A noter également qu’en application de l’article 702 du code de procédure pénale, lorsque les faits poursuivis constituent un délit prévu et réprimé,notamment,par les dispositions du code pénal relatives aux « zones protégées » ou une infraction connexe, la compétence est dévolue aux juridictions, d’instruction et de jugement, désignées pour les infractions en matière militaire en temps de paix. Il en résulte notamment que le tribunal compétent en premier ressort pour juger les délits d’intrusion dans une « zone protégée » est le tribunal correctionnel « en formation militaire ».
Comme indiqué supra, certaines « zones protégées » peuvent être qualifiées de « zones à régime restrictif » lorsque « le besoin de protection tient à l’impératif qui s’attache à empêcher que des éléments essentiels du potentiel scientifique ou technique de la nation :
1° Fassent l’objet d’une captation de nature à affaiblir ses moyens de défense, à compromettre sa sécurité ou à porter préjudice à ses autres intérêts fondamentaux ;
2° Ou soient détournés à des fins de terrorisme, de prolifération d’armes de destruction massive et de leurs vecteurs ou de contribution à l’accroissement d’arsenaux militaires.
Les zones à régime restrictif peuvent inclure, dans leur périmètre, des locaux dont la protection renforcée est justifiée par « l’entreposage de produits ou par l’exécution d’activités comportant des risques particuliers au regard des impératifs mentionnés » ci-dessus (article R. 413-5-1 du code pénal[22]). Dans ce cas, l’intrusion dans une telle zone est punie par les mêmes peines que celles prévues pour l’introduction non autorisée dans une zone protégée.
– Lorsque le terrain (le port ou la construction) est affecté à l’autorité militaire ou placé sous son contrôle, l’introduction frauduleuse est punie par l’article 413-5 du code pénal des mêmes peines qu’en cas de violation de domicile.
On peut également y ajouter l’infraction de survol d’une zone interdite, prévue par l’article L. 6232-2 du code des transports, et punie par une peine d’un an d’emprisonnement et de 45.000 euros d’amende[23].
A ces infractions portant sur le principe de l’intrusion, peut s’ajoutercelle de destruction ou détérioration du bien d’autrui commis en réunion, prévu par les articles 322-1 et suivants du code pénal, et puni d’une peine de cinq ans d’emprisonnement et de 75.000 euros d’amende (c’est le cas en particulier s’il y a bris de clôture ou détérioration de bâtiments par le moyen de tags).
Il existait donc bien un corpus législatif permettant d’incriminer les intrusions sur des sites nucléaires (et les destructions ou dégradations associées).

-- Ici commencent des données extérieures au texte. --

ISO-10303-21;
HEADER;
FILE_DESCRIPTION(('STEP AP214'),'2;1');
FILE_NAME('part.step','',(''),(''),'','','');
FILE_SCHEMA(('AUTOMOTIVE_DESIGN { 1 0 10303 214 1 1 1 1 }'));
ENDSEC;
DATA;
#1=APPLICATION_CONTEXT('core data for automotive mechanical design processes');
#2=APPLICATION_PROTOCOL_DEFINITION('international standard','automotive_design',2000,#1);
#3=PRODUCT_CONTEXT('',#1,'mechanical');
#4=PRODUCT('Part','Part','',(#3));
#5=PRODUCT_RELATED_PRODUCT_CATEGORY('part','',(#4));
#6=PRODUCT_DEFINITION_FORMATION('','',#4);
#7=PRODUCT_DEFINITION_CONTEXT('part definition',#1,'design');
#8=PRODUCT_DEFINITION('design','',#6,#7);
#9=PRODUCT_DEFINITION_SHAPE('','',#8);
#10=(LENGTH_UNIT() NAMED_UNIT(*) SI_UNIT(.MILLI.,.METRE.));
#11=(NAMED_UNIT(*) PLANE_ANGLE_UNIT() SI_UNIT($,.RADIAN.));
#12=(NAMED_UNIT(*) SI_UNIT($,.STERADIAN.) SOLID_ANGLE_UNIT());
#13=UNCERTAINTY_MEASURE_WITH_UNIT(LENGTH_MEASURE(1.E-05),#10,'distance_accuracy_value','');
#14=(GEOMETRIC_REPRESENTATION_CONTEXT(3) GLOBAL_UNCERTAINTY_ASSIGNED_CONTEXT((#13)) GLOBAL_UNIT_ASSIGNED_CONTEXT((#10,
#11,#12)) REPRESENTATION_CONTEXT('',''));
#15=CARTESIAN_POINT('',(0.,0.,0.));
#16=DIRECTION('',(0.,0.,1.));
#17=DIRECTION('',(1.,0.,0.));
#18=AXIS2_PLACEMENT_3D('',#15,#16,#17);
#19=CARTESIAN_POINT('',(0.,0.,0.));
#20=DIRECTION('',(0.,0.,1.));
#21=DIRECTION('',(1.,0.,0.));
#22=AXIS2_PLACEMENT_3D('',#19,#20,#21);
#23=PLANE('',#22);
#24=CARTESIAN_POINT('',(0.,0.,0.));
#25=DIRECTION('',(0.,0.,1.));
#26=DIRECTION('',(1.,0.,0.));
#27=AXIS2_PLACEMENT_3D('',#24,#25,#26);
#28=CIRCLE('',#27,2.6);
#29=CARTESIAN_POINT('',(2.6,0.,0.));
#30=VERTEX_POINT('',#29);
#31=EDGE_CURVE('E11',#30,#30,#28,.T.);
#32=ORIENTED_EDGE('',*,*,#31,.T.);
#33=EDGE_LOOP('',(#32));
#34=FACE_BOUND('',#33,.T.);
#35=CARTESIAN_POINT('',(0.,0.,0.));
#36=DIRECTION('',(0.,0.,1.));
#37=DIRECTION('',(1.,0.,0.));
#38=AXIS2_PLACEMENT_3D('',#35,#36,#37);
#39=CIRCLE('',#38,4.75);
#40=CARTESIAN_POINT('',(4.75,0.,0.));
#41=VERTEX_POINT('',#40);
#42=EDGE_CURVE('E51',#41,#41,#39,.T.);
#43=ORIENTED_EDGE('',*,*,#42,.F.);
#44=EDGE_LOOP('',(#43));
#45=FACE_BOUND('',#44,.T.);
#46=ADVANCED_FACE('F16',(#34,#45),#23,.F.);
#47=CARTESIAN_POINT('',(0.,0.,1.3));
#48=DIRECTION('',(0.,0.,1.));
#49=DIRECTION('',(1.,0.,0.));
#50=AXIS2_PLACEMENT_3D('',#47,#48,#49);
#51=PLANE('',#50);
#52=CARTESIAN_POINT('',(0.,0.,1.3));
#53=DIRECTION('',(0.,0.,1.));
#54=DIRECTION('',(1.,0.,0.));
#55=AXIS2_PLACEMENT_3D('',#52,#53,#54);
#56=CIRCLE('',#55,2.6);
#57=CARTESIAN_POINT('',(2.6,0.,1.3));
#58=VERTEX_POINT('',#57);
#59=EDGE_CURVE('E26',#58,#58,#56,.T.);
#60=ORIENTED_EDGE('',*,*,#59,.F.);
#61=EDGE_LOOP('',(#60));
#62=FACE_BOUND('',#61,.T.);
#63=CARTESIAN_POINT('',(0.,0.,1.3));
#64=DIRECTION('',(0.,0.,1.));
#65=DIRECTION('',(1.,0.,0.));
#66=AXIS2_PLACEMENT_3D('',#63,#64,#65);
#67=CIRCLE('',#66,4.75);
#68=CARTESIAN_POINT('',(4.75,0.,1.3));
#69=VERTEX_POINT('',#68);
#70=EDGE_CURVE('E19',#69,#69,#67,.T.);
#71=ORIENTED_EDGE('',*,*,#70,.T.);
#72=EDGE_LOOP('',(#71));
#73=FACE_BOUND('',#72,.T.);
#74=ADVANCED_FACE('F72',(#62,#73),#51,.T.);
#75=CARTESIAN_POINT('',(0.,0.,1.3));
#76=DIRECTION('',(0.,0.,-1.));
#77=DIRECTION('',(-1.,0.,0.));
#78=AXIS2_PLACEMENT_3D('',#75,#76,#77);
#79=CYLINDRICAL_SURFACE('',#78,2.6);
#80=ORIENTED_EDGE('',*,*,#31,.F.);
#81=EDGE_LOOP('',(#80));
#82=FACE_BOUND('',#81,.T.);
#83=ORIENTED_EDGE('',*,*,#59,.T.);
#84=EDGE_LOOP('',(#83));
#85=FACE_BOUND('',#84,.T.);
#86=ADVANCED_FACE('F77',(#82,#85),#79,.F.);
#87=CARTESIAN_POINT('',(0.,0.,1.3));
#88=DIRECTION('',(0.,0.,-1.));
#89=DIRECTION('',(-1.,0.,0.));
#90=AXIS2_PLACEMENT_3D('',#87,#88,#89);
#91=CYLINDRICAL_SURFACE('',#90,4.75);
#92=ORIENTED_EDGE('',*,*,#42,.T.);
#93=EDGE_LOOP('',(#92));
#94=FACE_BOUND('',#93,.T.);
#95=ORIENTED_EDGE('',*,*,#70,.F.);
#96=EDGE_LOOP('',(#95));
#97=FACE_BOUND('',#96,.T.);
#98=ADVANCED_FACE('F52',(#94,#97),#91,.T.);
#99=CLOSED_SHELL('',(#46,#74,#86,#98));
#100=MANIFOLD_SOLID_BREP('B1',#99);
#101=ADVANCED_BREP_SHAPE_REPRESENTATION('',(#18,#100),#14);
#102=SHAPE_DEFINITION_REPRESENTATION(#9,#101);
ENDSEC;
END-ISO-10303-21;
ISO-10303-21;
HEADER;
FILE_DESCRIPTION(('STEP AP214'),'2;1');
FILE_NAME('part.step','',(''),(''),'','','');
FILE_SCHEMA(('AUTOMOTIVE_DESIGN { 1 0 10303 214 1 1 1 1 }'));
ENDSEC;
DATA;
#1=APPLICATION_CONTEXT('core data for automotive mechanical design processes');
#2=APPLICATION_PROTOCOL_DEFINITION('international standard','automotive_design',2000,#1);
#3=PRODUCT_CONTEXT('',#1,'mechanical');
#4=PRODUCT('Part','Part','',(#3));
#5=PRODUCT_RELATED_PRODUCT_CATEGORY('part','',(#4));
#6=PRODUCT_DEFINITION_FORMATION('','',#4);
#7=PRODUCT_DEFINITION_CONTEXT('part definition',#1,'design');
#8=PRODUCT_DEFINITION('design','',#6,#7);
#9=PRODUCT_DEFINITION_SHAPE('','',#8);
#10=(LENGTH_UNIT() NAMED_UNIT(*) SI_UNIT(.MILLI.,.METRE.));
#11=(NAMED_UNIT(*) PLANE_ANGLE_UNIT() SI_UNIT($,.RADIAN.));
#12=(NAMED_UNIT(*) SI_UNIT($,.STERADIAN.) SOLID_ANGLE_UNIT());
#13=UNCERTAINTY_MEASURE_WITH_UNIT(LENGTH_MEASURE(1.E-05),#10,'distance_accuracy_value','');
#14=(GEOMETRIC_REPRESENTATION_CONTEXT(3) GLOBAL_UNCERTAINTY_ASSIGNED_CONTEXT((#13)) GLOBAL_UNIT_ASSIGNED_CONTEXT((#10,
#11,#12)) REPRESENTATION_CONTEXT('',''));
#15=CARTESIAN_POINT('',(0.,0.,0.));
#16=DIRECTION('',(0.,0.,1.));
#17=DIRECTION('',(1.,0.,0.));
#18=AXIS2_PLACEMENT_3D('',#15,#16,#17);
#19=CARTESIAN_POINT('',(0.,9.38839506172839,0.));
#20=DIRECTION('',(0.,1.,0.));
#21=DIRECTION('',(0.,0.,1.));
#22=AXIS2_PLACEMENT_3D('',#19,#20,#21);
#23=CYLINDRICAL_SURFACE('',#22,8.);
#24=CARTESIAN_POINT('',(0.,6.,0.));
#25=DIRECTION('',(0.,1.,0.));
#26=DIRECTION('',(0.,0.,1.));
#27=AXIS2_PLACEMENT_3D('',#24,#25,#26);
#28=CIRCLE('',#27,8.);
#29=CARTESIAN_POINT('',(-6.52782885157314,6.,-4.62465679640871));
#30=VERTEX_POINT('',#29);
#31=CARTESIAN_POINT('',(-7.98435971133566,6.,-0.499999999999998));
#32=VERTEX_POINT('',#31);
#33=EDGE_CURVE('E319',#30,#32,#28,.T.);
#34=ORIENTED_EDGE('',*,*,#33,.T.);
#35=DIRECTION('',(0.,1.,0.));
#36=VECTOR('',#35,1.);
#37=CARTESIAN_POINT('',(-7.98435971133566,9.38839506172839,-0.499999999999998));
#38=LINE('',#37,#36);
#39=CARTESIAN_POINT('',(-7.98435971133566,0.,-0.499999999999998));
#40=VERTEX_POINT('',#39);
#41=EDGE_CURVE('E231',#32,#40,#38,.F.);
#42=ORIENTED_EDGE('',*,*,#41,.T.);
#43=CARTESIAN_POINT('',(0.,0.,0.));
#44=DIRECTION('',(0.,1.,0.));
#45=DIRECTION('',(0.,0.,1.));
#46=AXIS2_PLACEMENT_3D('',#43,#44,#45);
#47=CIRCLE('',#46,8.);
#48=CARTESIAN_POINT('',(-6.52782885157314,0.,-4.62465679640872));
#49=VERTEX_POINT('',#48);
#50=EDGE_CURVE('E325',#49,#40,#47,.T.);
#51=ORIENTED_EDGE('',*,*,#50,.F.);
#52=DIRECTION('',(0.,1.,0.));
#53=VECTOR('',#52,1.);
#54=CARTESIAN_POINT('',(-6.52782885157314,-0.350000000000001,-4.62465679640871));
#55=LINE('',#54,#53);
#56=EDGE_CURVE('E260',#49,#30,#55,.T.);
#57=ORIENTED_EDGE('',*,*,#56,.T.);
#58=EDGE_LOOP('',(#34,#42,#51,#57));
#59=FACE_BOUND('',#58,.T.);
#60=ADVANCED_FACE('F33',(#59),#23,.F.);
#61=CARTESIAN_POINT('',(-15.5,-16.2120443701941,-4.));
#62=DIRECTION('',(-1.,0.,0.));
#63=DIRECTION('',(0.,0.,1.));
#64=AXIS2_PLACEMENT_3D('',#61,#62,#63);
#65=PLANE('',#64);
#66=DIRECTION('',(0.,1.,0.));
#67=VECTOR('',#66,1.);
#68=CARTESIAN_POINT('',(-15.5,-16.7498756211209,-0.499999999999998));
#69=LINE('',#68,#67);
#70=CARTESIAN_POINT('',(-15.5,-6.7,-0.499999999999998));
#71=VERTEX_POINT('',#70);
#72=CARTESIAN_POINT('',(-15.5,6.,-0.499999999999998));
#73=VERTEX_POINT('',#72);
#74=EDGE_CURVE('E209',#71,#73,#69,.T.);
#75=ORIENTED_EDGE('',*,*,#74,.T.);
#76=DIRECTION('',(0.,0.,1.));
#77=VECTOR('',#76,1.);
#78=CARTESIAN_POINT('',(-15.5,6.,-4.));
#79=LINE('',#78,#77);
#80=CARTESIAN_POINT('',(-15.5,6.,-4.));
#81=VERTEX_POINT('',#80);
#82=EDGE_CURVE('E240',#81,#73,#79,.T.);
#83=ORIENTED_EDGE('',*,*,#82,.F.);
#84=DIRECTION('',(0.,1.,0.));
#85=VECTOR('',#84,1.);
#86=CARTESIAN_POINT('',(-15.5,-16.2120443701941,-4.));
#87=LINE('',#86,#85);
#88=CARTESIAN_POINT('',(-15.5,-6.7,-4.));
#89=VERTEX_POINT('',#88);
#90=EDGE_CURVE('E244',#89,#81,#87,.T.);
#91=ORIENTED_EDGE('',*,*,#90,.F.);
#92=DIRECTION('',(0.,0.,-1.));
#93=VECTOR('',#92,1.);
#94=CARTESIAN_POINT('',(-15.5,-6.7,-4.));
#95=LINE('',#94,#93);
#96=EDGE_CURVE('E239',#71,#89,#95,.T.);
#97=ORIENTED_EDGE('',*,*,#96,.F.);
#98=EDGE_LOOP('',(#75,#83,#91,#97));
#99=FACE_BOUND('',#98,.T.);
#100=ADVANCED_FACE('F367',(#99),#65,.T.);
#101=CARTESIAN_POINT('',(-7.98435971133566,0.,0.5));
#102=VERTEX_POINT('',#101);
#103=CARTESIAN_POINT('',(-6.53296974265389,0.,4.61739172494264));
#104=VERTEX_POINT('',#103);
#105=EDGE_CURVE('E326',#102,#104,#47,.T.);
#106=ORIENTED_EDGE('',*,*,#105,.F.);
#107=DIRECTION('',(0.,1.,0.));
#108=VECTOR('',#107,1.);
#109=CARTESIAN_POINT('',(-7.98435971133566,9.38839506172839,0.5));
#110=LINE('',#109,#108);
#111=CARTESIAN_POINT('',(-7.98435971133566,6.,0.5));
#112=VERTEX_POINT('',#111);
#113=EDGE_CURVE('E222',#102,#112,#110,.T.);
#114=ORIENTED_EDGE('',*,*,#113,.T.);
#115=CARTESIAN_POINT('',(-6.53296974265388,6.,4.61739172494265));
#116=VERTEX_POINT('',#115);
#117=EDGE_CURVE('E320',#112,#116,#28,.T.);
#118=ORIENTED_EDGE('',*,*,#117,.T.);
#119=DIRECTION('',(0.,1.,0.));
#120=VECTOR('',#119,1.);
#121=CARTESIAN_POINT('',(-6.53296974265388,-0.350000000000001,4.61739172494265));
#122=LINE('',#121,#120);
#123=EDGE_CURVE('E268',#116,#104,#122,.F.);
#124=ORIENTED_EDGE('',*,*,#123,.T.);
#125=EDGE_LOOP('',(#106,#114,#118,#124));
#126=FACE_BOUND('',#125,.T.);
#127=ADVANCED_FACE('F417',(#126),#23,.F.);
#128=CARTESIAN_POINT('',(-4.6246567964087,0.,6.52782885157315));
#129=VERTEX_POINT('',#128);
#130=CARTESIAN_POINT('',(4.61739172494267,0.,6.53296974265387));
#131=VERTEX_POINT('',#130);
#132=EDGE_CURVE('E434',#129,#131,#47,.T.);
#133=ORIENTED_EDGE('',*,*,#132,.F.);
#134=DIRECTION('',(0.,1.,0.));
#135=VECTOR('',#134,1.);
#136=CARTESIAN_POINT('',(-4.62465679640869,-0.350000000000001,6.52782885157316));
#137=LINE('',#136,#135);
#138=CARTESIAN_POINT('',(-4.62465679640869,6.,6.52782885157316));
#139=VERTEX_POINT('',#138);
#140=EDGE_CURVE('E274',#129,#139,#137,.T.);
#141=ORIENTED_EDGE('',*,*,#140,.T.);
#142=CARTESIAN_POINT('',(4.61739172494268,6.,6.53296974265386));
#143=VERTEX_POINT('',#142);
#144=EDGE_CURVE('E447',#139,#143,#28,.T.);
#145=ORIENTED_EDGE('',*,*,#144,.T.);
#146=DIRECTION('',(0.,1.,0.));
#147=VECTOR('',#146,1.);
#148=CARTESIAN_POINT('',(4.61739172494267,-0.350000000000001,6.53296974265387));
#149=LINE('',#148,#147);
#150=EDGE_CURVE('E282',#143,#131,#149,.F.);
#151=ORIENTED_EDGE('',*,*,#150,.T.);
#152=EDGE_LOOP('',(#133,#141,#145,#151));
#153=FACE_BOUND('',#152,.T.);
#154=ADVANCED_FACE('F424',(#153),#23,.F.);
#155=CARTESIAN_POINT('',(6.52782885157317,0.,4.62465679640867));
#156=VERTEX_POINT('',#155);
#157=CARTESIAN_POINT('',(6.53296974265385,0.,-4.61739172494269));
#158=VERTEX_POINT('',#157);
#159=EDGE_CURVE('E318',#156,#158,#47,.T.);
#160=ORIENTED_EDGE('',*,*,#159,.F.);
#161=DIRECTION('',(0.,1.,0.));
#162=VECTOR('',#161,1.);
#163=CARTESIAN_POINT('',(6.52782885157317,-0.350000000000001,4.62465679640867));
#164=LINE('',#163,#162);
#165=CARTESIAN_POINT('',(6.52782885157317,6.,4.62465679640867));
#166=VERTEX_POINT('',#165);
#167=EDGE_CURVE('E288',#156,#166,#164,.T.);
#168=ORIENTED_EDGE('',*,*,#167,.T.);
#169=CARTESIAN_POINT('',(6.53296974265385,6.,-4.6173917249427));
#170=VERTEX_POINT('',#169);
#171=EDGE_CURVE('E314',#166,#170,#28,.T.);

La seule remarque qu’on peut faire, c’est qu’aucune infraction n’était spécifique à un tel acte, même si, comme indiqué supra tous les grands sites nucléaires constituent des « zones protégées ».
Le rapport à l’Assemblée nationale apporte un éclairage intéressant sur quelques régimes juridiques étrangers destinés à dissuader les intrusions sur un site nucléaire[24] (Allemagne, Canada, Etats-Unis et Royaume-Uni). Il en ressort que c’est au Canada que le régime est le plus répressif (l’intrusion étant punie d’une peine de cinq ans d’emprisonnement et/ou d’une amende d’un montant maximum de 5 millions de dollars (ces peines étant réduites en cas de procédure sur déclaration de culpabilité). Toutefois, il convient de noter que si le régime juridique américain est plus clément[25], les modalités d’emploi des armes par les gardes protégeant les sites nucléaires assurent une protection d’une redoutable efficacité.
2. La genèse de la loi
2.1 Les intrusions de militants sur des sites nucléaires et les contentieux subséquents
Selon le rapport précité au Sénat, le nombre d’incidents relatifs à des intrusions de militants de Greenpeace dans des centrales EDF, entre 1996 et 2010, s’est limité à 4. C’est oublier cependant les nombreuses opérations menées par les militants de cette association sur les sites de l’usine d’AREVA à La Hague, du terminal ferroviaire de TN International à Valognes (Manche) ou sur le port de Cherbourg. Sans parler des opérations médiatiques sur les transports de déchets radioactifs retournés en Allemagne.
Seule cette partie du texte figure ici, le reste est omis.